It goes by many names: the new channel, the emerging channel and, as McBain calls it, the shadow channel. Whatever you call it, there are new types of partners coming out of the woodwork and changing this space.

McBain has been talking about this new type of partner for years, but he missed the mark on one prediction.

“One thing I got wrong as a futurist is that the 162k channel firms in the U.S. would move into this new space. For the last 18 months I’ve been predicting the channel would move into the opportunity, and it hasn’t.”

When he set his mind to trying to figure out why, he came to three conclusions:

  1. Marketing and sales has never been a strong suit with our current channel. Traditional partners are technicians, especially those that service the SMB market. In the past, the channel hasn’t needed to focus on marketing, but as we talked about earlier this week, the rise of the line of business (LOB) buyer means there are now 10 decision-makers for every prospect. Partners have to be able to scale 10x in order to keep up.
  2. The channel is aging, as we deep-dived into in the first installment of this series. There’s a certain lack of will to change among partners who’ve maybe been in the channel for decades and are edging toward retirement. While there still is (and always will be) a need for traditional infrastructure, all you have to do is look at the vanguards of the IT industry to see which way the wind is blowing. IBM, for instance, has had 22 quarters in a row of declining revenue. The distributors and partners who work in this area are reflecting that. There’s still room for success in the traditional networking and infrastructure business, but it’s not exactly the sexy place to be…unless you’re heading into retirement and in seven years will be sailing into the sunset on your yacht.
  3. The channel is an industry that for decades has been comprised of excellent generalists. Historically, a good channel partner is all things to all customers. But the buyer’s needs are changing, and in order to survive, partners need to specialize. Traditional partners can talk tech all day long, but they aren’t comfortable having the business outcomes conversation with LOB buyers. The five levels of hyperspecialization we covered in this series yesterday make it very difficult to learn the language necessary to make the sale.

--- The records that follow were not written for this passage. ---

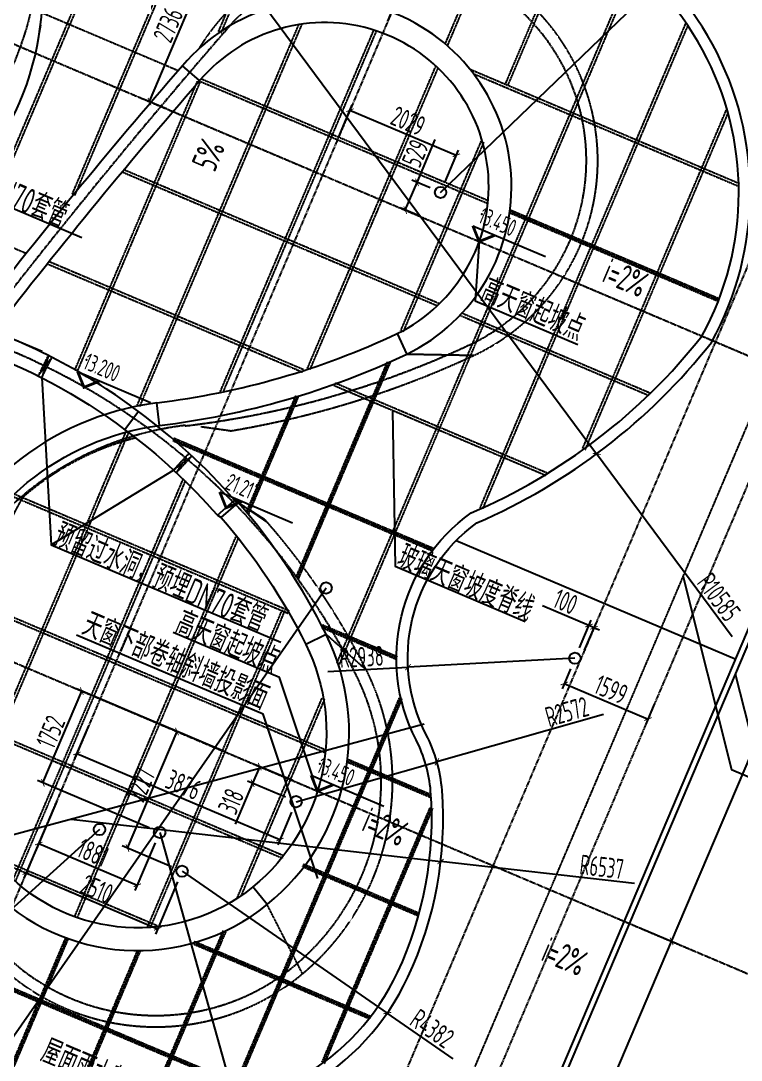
# Model space of a CAD drawing. Extents: x -3523 to 12007717, y -6694179 to 21431.
# Drawn here: x 11943716 to 11956372, y -6481967 to -6463701 of the extents above; entities that cross this region are included whole.
import ezdxf
from ezdxf.enums import TextEntityAlignment as Align

# ---------------------------------------------------------------- set-up
doc = ezdxf.new("R2010")
doc.units = 0
doc.header["$LTSCALE"] = 10
doc.header["$MEASUREMENT"] = 0
for name, pattern in [('A3-RG-axis-100$0$CENTER', [2, 1.25, -0.25, 0.25, -0.25]), ('A3-RI-4F$0$CENTER', [2, 1.25, -0.25, 0.25, -0.25]), ('A3-RI-4F$0$DASH', [0.35, 0.25, -0.1]), ('A3-RI-4F$0$DOTE', [2.42, 2, -0.2, 0.02, -0.2]), ('A3-RM-4F$0$DASH', [0.35, 0.25, -0.1]), ('A3-SYMB-4F-100$0$$AUDIT_BAD_LTYPE2', [0])]:
    doc.linetypes.add(name, pattern=pattern)
for name, color, linetype in [('A3-RB-4F-100$0$A-DIMS-100', 1, 'Continuous'), ('A3-RG-axis-100$0$A-GRID', 1, 'A3-RG-axis-100$0$CENTER'), ('A3-RI-4F$0$A-FLOR', 2, 'Continuous'), ('A3-RI-4F$0$A-GLAZ', 140, 'Continuous'), ('A3-RI-4F$0$A-GRID', 1, 'A3-RI-4F$0$CENTER'), ('A3-RI-4F$0$A-HATH', 9, 'Continuous'), ('A3-RI-4F$0$A-ROOF-EDGE', 2, 'Continuous'), ('A3-RI-4F$0$A-WALL', 7, 'Continuous'), ('A3-RM-4F$0$0P-1', 191, 'Continuous'), ('A3-RM-4F$0$A-WALL', 7, 'Continuous'), ('A3-SYMB-4F-100$0$$AUDIT_BAD_LAYER1', 7, 'Continuous'), ('A3-SYMB-4F-100$0$A-SYMB', 4, 'Continuous'), ('A3-SYMB-4F-100$0$A-SYMB-AREA', 4, 'Continuous'), ('A3-SYMB-4F-100$0$A-SYMB-NAME', 4, 'Continuous'), ('A3-SYMB-4F-100$0$A-SYMB-NAME-E', 4, 'Continuous')]:
    doc.layers.add(name, color=color, linetype=linetype)
doc.layers.add('A3-RI-4F$0$AN-WALL-BELO', color=2, linetype='Continuous', lineweight=5)
doc.styles.add('A3-RB-4F-100$0$XD2008', font='xd-hzs.shx', dxfattribs={"width": 0.7, "bigfont": 'xd-hztxt.shx'})
doc.styles.add('A3-SYMB-4F-100$0$ECADI', font='hzs.shx', dxfattribs={"width": 0.7, "bigfont": 'hztxt.shx'})
doc.styles.add('A3-SYMB-4F-100$0$XD2008', font='hzs.shx', dxfattribs={"width": 0.7, "bigfont": 'hztxt.shx'})
doc.dimstyles.new('A3-RB-4F-100$0$XD100', dxfattribs={"dimscale": 100, "dimtxt": 3.5, "dimasz": 1.5, "dimexe": 1, "dimexo": 2, "dimgap": 0.5, "dimtad": 1, "dimdec": 0, "dimdsep": 46, "dimtxsty": 'A3-RB-4F-100$0$XD2008', "dimcen": 2.5, "dimclrt": 4, "dimaunit": 1, "dimadec": 0, "dimazin": 0, "dimtfac": 1, "dimtdec": 0, "dimtix": 1, "dimtmove": 0, "dimatfit": 3, "dimfxl": 0, "dimtolj": 1, "dimtzin": 0, "dimarcsym": 0})
doc.dimstyles.new('A3-RB-4F-100$0$XD100$0', dxfattribs={"dimscale": 100, "dimtxt": 3.5, "dimasz": 1, "dimexe": 1, "dimexo": 2, "dimgap": 0.5, "dimtad": 1, "dimdec": 0, "dimdsep": 46, "dimtxsty": 'A3-RB-4F-100$0$XD2008', "dimblk1": 'A3-RB-4F-100$0$_ARCHTICK', "dimblk2": 'A3-RB-4F-100$0$_ARCHTICK', "dimsah": 1, "dimcen": 2.5, "dimclrt": 4, "dimaunit": 1, "dimadec": 0, "dimazin": 0, "dimtfac": 1, "dimtdec": 0, "dimtix": 1, "dimtmove": 0, "dimatfit": 3, "dimfxl": 0, "dimtolj": 1, "dimtzin": 0, "dimarcsym": 0})

# ---------------------------------------------------------------- blocks, each defined once
blk = doc.blocks.new('A3-RI-4F$0$TIANCHUANG2')
at = {"layer": 'A3-RI-4F$0$A-GLAZ', "linetype": 'A3-RI-4F$0$DASH'}
for p, q in [((11942381, -6468824), (11946160, -6459922)), ((11942427, -6468844), (11946197, -6459962)), ((11944618, -6466754), (11947188, -6460698)), ((11944664, -6466773), (11947234, -6460718)), ((11947191, -6463890), (11948326, -6461216)), ((11947237, -6463910), (11948372, -6461236)), ((11951170, -6464115), (11952236, -6461604)), ((11951216, -6464134), (11952285, -6461615)), ((11952230, -6464816), (11953416, -6462023)), ((11952276, -6464835), (11953462, -6462043)), ((11949269, -6474992), (11954478, -6462720)), ((11949315, -6475011), (11954518, -6462754)), ((11944083, -6463557), (11946483, -6464576)), ((11945761, -6470458), (11948606, -6463756)), ((11945807, -6470478), (11948652, -6463775)), ((11951786, -6472261), (11955403, -6463740)), ((11951832, -6472280), (11955436, -6463789)), ((11947221, -6470219), (11949919, -6463863)), ((11947267, -6470238), (11949965, -6463883)), ((11948753, -6469808), (11951005, -6464504)), ((11948799, -6469828), (11951051, -6464523)), ((11951607, -6464551), (11956338, -6466559)), ((11946879, -6464717), (11951934, -6466862)), ((11951671, -6464632), (11956319, -6466605)), ((11944667, -6469837), (11946823, -6464757)), ((11944713, -6469857), (11946869, -6464777)), ((11946860, -6464763), (11951914, -6466908)), ((11953587, -6471217), (11956120, -6465249)), ((11953633, -6471237), (11956142, -6465325)), ((11950394, -6469142), (11951805, -6465818)), ((11950440, -6469162), (11951851, -6465838)), ((11945502, -6466359), (11951044, -6468712)), ((11945522, -6466313), (11951064, -6468666)), ((11942184, -6467096), (11943814, -6467788)), ((11952298, -6467071), (11955968, -6468629)), ((11952308, -6467048), (11955978, -6468606)), ((11952318, -6467025), (11955988, -6468583)), ((11944186, -6467974), (11948664, -6469874)), ((11944206, -6467927), (11948684, -6469828)), ((11951440, -6468880), (11954751, -6470285)), ((11951459, -6468834), (11954770, -6470239)), ((11948551, -6473484), (11950159, -6469694)), ((11948574, -6473494), (11950182, -6469704)), ((11948597, -6473504), (11950206, -6469714)), ((11949217, -6470109), (11952940, -6471689)), ((11949236, -6470063), (11952960, -6471643)), ((11947675, -6472348), (11948547, -6470293)), ((11947698, -6472358), (11948570, -6470303)), ((11947721, -6472368), (11948593, -6470313)), ((11942697, -6477678), (11945569, -6470912)), ((11942743, -6477698), (11945615, -6470932)), ((11946386, -6471080), (11950951, -6473018)), ((11946396, -6471057), (11950961, -6472995)), ((11946406, -6471034), (11950971, -6472972)), ((11943583, -6478790), (11946565, -6471765)), ((11943622, -6478826), (11946611, -6471784)), ((11943591, -6472012), (11948425, -6474064)), ((11943571, -6472058), (11948406, -6474110)), ((11944662, -6479445), (11947498, -6472764)), ((11944709, -6479465), (11947544, -6472784)), ((11942431, -6473747), (11949059, -6476560)), ((11942451, -6473701), (11949078, -6476514)), ((11945940, -6479636), (11948313, -6474044)), ((11945995, -6479632), (11948359, -6474063)), ((11948997, -6474361), (11950304, -6474916)), ((11949007, -6474338), (11950314, -6474893)), ((11949017, -6474315), (11950323, -6474870)), ((11947489, -6482384), (11950370, -6475596)), ((11947512, -6482394), (11950393, -6475606)), ((11947516, -6479121), (11949010, -6475602)), ((11947535, -6482404), (11950416, -6475616)), ((11947592, -6479071), (11949056, -6475622)), ((11942127, -6475790), (11948308, -6478414)), ((11942146, -6475744), (11948328, -6478368)), ((11949443, -6476723), (11950913, -6477347)), ((11949453, -6476700), (11950922, -6477324)), ((11949463, -6476677), (11950932, -6477301)), ((11949008, -6482004), (11950909, -6477525)), ((11949031, -6482013), (11950932, -6477535)), ((11949054, -6482023), (11950955, -6477544)), ((11943199, -6478418), (11946091, -6479646)), ((11943219, -6478372), (11946111, -6479600)), ((11948662, -6478564), (11950700, -6479429)), ((11948672, -6478541), (11950710, -6479406)), ((11948681, -6478518), (11950720, -6479383)), ((11941118, -6479707), (11947964, -6482613)), ((11941128, -6479684), (11947974, -6482590)), ((11941138, -6479661), (11947984, -6482567)), ((11945903, -6482920), (11947275, -6479689)), ((11945926, -6482930), (11947298, -6479699)), ((11945950, -6482939), (11947321, -6479709)), ((11943504, -6482174), (11944506, -6479814)), ((11943527, -6482183), (11944529, -6479824)), ((11943550, -6482193), (11944552, -6479833)), ((11946757, -6479901), (11949851, -6481214)), ((11946767, -6479878), (11949861, -6481191)), ((11944641, -6482696), (11945772, -6480031)), ((11944664, -6482706), (11945795, -6480040)), ((11944687, -6482715), (11945818, -6480050)), ((11946747, -6479924), (11949841, -6481237))]:
    blk.add_line(p, q, dxfattribs=at)
blk = doc.blocks.new('A3-RI-4F')
at = {"layer": 'A3-RI-4F$0$A-FLOR', "linetype": 'A3-RI-4F$0$DASH'}
for p, q in [((11946587, -6464453), (11946556, -6464491)), ((11951668, -6469585), (11950498, -6469563)), ((11947393, -6470909), (11946881, -6470838)), ((11947571, -6472193), (11947536, -6472170)), ((11948049, -6472520), (11947538, -6472170)), ((11948005, -6472469), (11947553, -6472181)), ((11949789, -6475113), (11949080, -6474484)), ((11948666, -6480448), (11948043, -6479232))]:
    blk.add_line(p, q, dxfattribs=at)
at = {"layer": 'A3-RI-4F$0$A-FLOR', "linetype": 'A3-RI-4F$0$DASH', "const_width": 50}
blk.add_lwpolyline([(11947474, -6472127), (11947500, -6472145), (11947536, -6472170)], dxfattribs=at)
at = {"layer": 'A3-RI-4F$0$A-FLOR', "linetype": 'A3-RI-4F$0$DASH'}
for centre, radius, start, end in [((11950072, -6466158), 3780, 294.9747, 148.7021), ((11944671, -6454564), 16570, 279.454, 294.9747), ((11938865, -6480550), 12200, 41.1627, 41.4775), ((11938855, -6480555), 12211, 26.4636, 41.1525), ((11945847, -6477069), 4400, 309.8371, 26.3974), ((11946087, -6477351), 4030, 224.2275, 309.7828)]:
    blk.add_arc(centre, radius, start, end, dxfattribs=at)
for points, knots in [([(11943759, -6472065), (11943829, -6472004), (11943937, -6471916), (11944085, -6471804), (11944237, -6471697), (11944432, -6471571), (11944723, -6471407), (11945075, -6471240), (11945424, -6471113), (11945645, -6471049), (11945723, -6471029), (11945729, -6471027)], [-1, -1, -1, -1, -0.9038462, -0.8557692, -0.8076923, -0.7115385, -0.6153846, -0.4615385, -0.3076923, -0.2307692, -0.2239038, -0.2239038, -0.2239038, -0.2239038]), ([(11943509, -6472544), (11943526, -6472509), (11943560, -6472438), (11943618, -6472323), (11943672, -6472221), (11943721, -6472132), (11943746, -6472087), (11943759, -6472065)], [0, 0, 0, 0, 0.222222, 0.444444, 0.722222, 0.861111, 1, 1, 1, 1]), ([(11943509, -6472543), (11943542, -6472474), (11943598, -6472361), (11943681, -6472204), (11943730, -6472117), (11943755, -6472073)], [0, 0, 0, 0, 0.444444, 0.722222, 1, 1, 1, 1])]:
    blk.add_open_spline(points, degree=3, knots=knots, dxfattribs=at)
at = {"layer": 'A3-RI-4F$0$A-GRID', "linetype": 'A3-RI-4F$0$DOTE'}
for centre, radius, start, end in [((11938591, -6462290), 5450, 272.2829, 44.2186), ((11950072, -6466158), 3580, 294.9747, 139.0253), ((12036082, -6540859), 117500, 139.02532, 142.45444), ((11938868, -6480551), 12000, 26.4712, 70.2633), ((11944667, -6454555), 16380, 276.7807, 294.9747), ((11947251, -6476223), 5450, 96.7702, 224.1869), ((11945847, -6477069), 4200, 309.8371, 26.3944), ((11946087, -6477351), 3830, 224.2279, 309.7828)]:
    blk.add_arc(centre, radius, start, end, dxfattribs=at)
at = {"layer": 'A3-RI-4F$0$A-HATH', "linetype": 'A3-RI-4F$0$DASH'}
blk.add_lwpolyline([(11925756, -6476190), (11949855, -6486420), (11960084, -6462321), (11935985, -6452091)], close=True, dxfattribs=at)
at = {"layer": 'A3-RI-4F$0$A-ROOF-EDGE'}
for points in [[(11977075, -6448936), (11977075, -6448936), (11971198, -6462780), (11953939, -6455454), (11952802, -6458132), (11961869, -6461981), (11950655, -6488400), (11923776, -6476990), (11934990, -6450572), (11944057, -6454420), (11945194, -6451742), (11937359, -6448416, 0.002105), (11935284, -6447090), (11932817, -6450984, 0.033355), (11899110, -6432654), (11899697, -6421468)], [(11971145, -6462649), (11953886, -6455323), (11952670, -6458185), (11961737, -6462034), (11950602, -6488268), (11923907, -6476937), (11935043, -6450703), (11944110, -6454552), (11945325, -6451689), (11937406, -6448327, 0.002183), (11935253, -6446952), (11932786, -6450846, 0.033209), (11899214, -6432592), (11899796, -6421473)], [(11948735, -6482446, 0.153575), (11950516, -6480510, 0.12992), (11951116, -6477224, 0.099645), (11950839, -6476247, -0.370364), (11951727, -6472525, 0.124779), (11955849, -6469352, 0.549501), (11951453, -6461290, -0.212668), (11946546, -6460012, -0.12988), (11945944, -6459200, 0.238102), (11940954, -6454798, 0.28217)], [(11948635, -6482272, 0.153575), (11950335, -6480425, 0.12992), (11950916, -6477239, 0.099645), (11950661, -6476339, -0.372403), (11951628, -6472350, 0.12491), (11955682, -6469241, 0.547091), (11951462, -6461491, -0.211709), (11946421, -6460168, -0.12988), (11945758, -6459275, 0.238102), (11940903, -6454991, 0.28217), (11935816, -6456535, 0.107538), (11934525, -6458832, 0.181558), (11934730, -6462165, -0.024125), (11935298, -6463617, -0.306887), (11934543, -6466329, -0.012216), (11931938, -6468434, 221.308572)]]:
    blk.add_lwpolyline(points, format="xyb", dxfattribs=at)
at = {"layer": 'A3-RI-4F$0$A-WALL'}
for points in [[(11939765, -6468102, 0.61827), (11942694, -6459725)], [(11950496, -6469561, 1.230947), (11946556, -6464491)], [(11946151, -6470813), (11946103, -6470415, 0.080281), (11950328, -6469198, 1.230155), (11946858, -6464753)], [(11939766, -6468105), (11939718, -6467705, 0.079878), (11935384, -6468945), (11935552, -6469308, 1.232863), (11938980, -6473758), (11939283, -6474021, 0.015082), (11943116, -6469328, -0.014777), (11946858, -6464753), (11946556, -6464491, 0.014777), (11942799, -6469084)], [(11945784, -6470567, 0.076577), (11942987, -6469068)], [(11942854, -6469445, -0.076633), (11945545, -6470888, -0.053343), (11947172, -6472391), (11947235, -6472431), (11947536, -6472170)], [(11947235, -6472431, -0.06472), (11948722, -6474662, -0.350795), (11947791, -6478922, -0.390855), (11943433, -6478643, -0.616105), (11946151, -6470813, 0.080251), (11950497, -6469560)], [(11946103, -6470415, 0.616487), (11943146, -6478922), (11943433, -6478643)], [(11947172, -6472391), (11947473, -6472127, 0.053342), (11945784, -6470567)], [(11949080, -6474483, 0.064635), (11947538, -6472170)], [(11948043, -6479232, 0.350792), (11949080, -6474484), (11948722, -6474662)], [(11943146, -6478922, 0.390603), (11948043, -6479232), (11947791, -6478922)]]:
    blk.add_lwpolyline(points, format="xyb", dxfattribs=at)
for points in [[(11950328, -6469198), (11950498, -6469563)], [(11945784, -6470566), (11945545, -6470888)]]:
    blk.add_lwpolyline(points, dxfattribs=at)
at = {"layer": 'A3-RI-4F$0$AN-WALL-BELO'}
blk.add_line((11944066, -6463780), (11944021, -6464039), dxfattribs=at)
at = {"layer": 'A3-RI-4F$0$A-GLAZ'}
blk.add_blockref('A3-RI-4F$0$TIANCHUANG2', (0, 0), dxfattribs=at)
blk = doc.blocks.new('A3-RG-axis-100')
at = {"layer": 'A3-RG-axis-100$0$A-GRID'}
for p, q in [((11979102.4, -6418565.4), (11947827.8, -6492243.7)), ((11966051.6, -6426277.4), (11939543.3, -6488727.1)), ((11932446.7, -6459378.2), (11975148.9, -6477504.2)), ((11958654.7, -6462898.3), (11946447.1, -6491657.6)), ((11928539.4, -6468583.2), (11971241.6, -6486709.2))]:
    blk.add_line(p, q, dxfattribs=at)
blk = doc.blocks.new('A3-SYMB-4F-100$0$ECADI-TAG-HGHT（国标）')
at = {"color": 1, "const_width": 0.5}
blk.add_lwpolyline([(-2.12, 2.12), (0, 0), (2.12, 2.12)], dxfattribs=at)
at = {"color": 1}
blk.add_point((-1.48, 4.6), dxfattribs=at)
at = {"layer": 'A3-SYMB-4F-100$0$$AUDIT_BAD_LAYER1', "color": 1, "linetype": 'A3-SYMB-4F-100$0$$AUDIT_BAD_LTYPE2'}
blk.add_line((-2.12, 2.12), (11.77, 2.12), dxfattribs=at)
at = {"style": 'A3-SYMB-4F-100$0$XD2008', "width": 0.7}
blk.add_attdef('FL', text='', height=3, dxfattribs=at).set_placement((-2.69, 2.97), align=Align.RIGHT)
for tag, p in [('F.F.L.', (2.28, 2.97)), ('T.O.S.', (2.28, -1.1))]:
    blk.add_attdef(tag, p, '', height=3, dxfattribs=at)
blk = doc.blocks.new('A3-SYMB-4F-100$0$ECADI-TAG-ROOM')
at = {"layer": 'A3-SYMB-4F-100$0$A-SYMB-AREA', "style": 'A3-SYMB-4F-100$0$ECADI', "width": 0.7}
blk.add_attdef('340M2', text='', height=2.5, dxfattribs=at).set_placement((7.17, -1.75), align=Align.MIDDLE_LEFT)
at = {"layer": 'A3-SYMB-4F-100$0$A-SYMB-NAME', "style": 'A3-SYMB-4F-100$0$ECADI', "width": 0.7}
blk.add_attdef('CHINESENAME', (-5.13, 0.09), '', height=4.5, dxfattribs=at)
at = {"layer": 'A3-SYMB-4F-100$0$A-SYMB-NAME-E', "style": 'A3-SYMB-4F-100$0$ECADI', "width": 0.7}
for tag, p in [('ENGLISHHIGH', (-5.13, 8.04)), ('ENGLISHLOW', (-5.13, 4.84))]:
    blk.add_attdef(tag, p, '', height=2.5, dxfattribs=at)
blk = doc.blocks.new('A3-SYMB-4F-100')
at = {"layer": 'A3-SYMB-4F-100$0$A-SYMB'}
blk.add_line((11944252, -6472909), (11946399, -6471596), dxfattribs=at)
for points in [[(11939177, -6466731), (11940758, -6465801), (11944788, -6467512)], [(11951769, -6467581), (11951701, -6468625), (11953501, -6469389)], [(11944084, -6469973), (11944252, -6472909), (11948282, -6474620)], [(11950248, -6470547), (11950291, -6473288), (11952578, -6474259)], [(11955352, -6473470), (11956203, -6476861), (11958259, -6477734)], [(11948937, -6478776), (11947971, -6475886), (11944697, -6474497)], [(11948928, -6477241), (11948259, -6475240), (11946394, -6474449)], [(11956267, -6475177), (11956510, -6476146), (11958310, -6476909)]]:
    blk.add_lwpolyline(points, dxfattribs=at)
for points in [[(11954431, -6467951, 0, 0, 0), (11955121, -6466327, 80, 0, 0), (11955238, -6466050, 0, 0, 0)], [(11946850, -6466404, 0, 0, 0), (11946160, -6468029, 80, 0, 0), (11946043, -6468305, 0, 0, 0)], [(11943176, -6474774, 0, 0, 0), (11943865, -6473149, 80, 0, 0), (11943982, -6472873, 0, 0, 0)], [(11949942, -6478093, 0, 0, 0), (11949252, -6479718, 80, 0, 0), (11949135, -6479994, 0, 0, 0)], [(11953094, -6480373, 0, 0, 0), (11952405, -6481998, 80, 0, 0), (11952288, -6482274, 0, 0, 0)]]:
    blk.add_lwpolyline(points, format="xyseb", dxfattribs=at)
ref = blk.add_blockref('A3-SYMB-4F-100$0$ECADI-TAG-ROOM', (11941563, -6466109), dxfattribs=dict(at, xscale=99.99999999989046, yscale=100.0000000001164, rotation=337))
ref.add_attrib('CHINESENAME', '预留过水洞，预埋DN70套管', (11940758, -6465801), dxfattribs={"height": 450, "rotation": 337, "style": 'A3-SYMB-4F-100$0$ECADI', "width": 0.7})
ref = blk.add_blockref('A3-SYMB-4F-100$0$ECADI-TAG-ROOM', (11947329, -6465910), dxfattribs=dict(at, xscale=99.99999999989046, yscale=100.0000000001164, rotation=66.99999999999999))
ref.add_attrib('CHINESENAME', '5%', (11947121, -6466378), dxfattribs={"height": 450, "rotation": 67, "style": 'A3-SYMB-4F-100$0$ECADI', "width": 0.7})
ref = blk.add_blockref('A3-SYMB-4F-100$0$ECADI-TAG-HGHT（国标）', (11951769, -6467581), dxfattribs=dict(at, xscale=100, yscale=100, rotation=337))
ref.add_attrib('F.F.L.', '13.450', (11951734, -6467243), dxfattribs={"layer": '0', "height": 300, "rotation": 337, "style": 'A3-SYMB-4F-100$0$XD2008', "width": 0.7})
ref = blk.add_blockref('A3-SYMB-4F-100$0$ECADI-TAG-ROOM', (11954371, -6468487), dxfattribs=dict(at, xscale=99.99999999989046, yscale=100.0000000001164, rotation=337))
ref.add_attrib('CHINESENAME', 'i=2%', (11953903, -6468278), dxfattribs={"height": 450, "rotation": 337, "style": 'A3-SYMB-4F-100$0$ECADI', "width": 0.7})
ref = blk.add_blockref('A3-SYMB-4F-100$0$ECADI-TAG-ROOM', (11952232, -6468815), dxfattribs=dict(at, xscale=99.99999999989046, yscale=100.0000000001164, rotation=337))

So who are these new competitors that make up the shadow channel? Indulge me one more list:

  1. SaaS ecosystem consultants: McBain says these new partners have really won big in an era of cloud. We’ve winnowed down to about five big CRM providers like Salesforce and SAP. The rest of the approximately 300 SaaS competitors have moved up the stack to build on top of the CRM. Salesforce, for instance, has about 695 partners that drive billions of dollars in revenue. The demand for their product is so big that there’s a backlog of customers they just can’t service, and partners who specialize in customizing and integrating Salesforce with other SaaS applications are writing their own tickets.
  2. Industry-based professional services firms: Every company in every industry is now a tech company. Three years ago, McBain said about half of these professional services firms said they were doing tech services or had plans to. Today, that number has risen to over 80 percent. These partners have long specialized in specific verticals and subindustries, and they know their customers’ pain points intimately. Today, they’re taking over many of the services traditional partners have offered, such as integrations, implementations and business continuity.
  3. Independent software vendors (ISVs): These shops add value by taking generic sales platforms and customizing them for a subindustry, segment or geography. There are about 100k ISVs today working in the app exchange to build “last mile services” onto existing stacks like Salesforce—and raking in the bucks doing so.
  4. Born in the cloud firms: These shops provide back end integration, security, backup, disaster recovery and other critical services. They’re chasing the $4 in SaaS downstream revenue and don’t deal at all with resale and its small margins. But McBain says they’re suffering from not “having an adult in the room,” partners who know the tech stack and can advise on probable pitfalls in these firms’ go to market plans.
  5. Startups: There are about 5k startups every year that get VC funding. These young, energetic organizations are looking to disrupt traditional markets and provide a competitive advantage to business leaders looking for “an edge.” For startups, only the software revenue is worth anything. Going after that services revenue is just too complicated for them, and often in their eagerness to just get the software installed, they wind up providing the back end services for free.

If you’re looking to make a graceful exit from the channel in the next few years, odds are you don’t need to be too worried about the emerging shadow channel. But partners that want to build a successful practice in the channel of tomorrow would do well to look to these new types of partners and take a page from their books.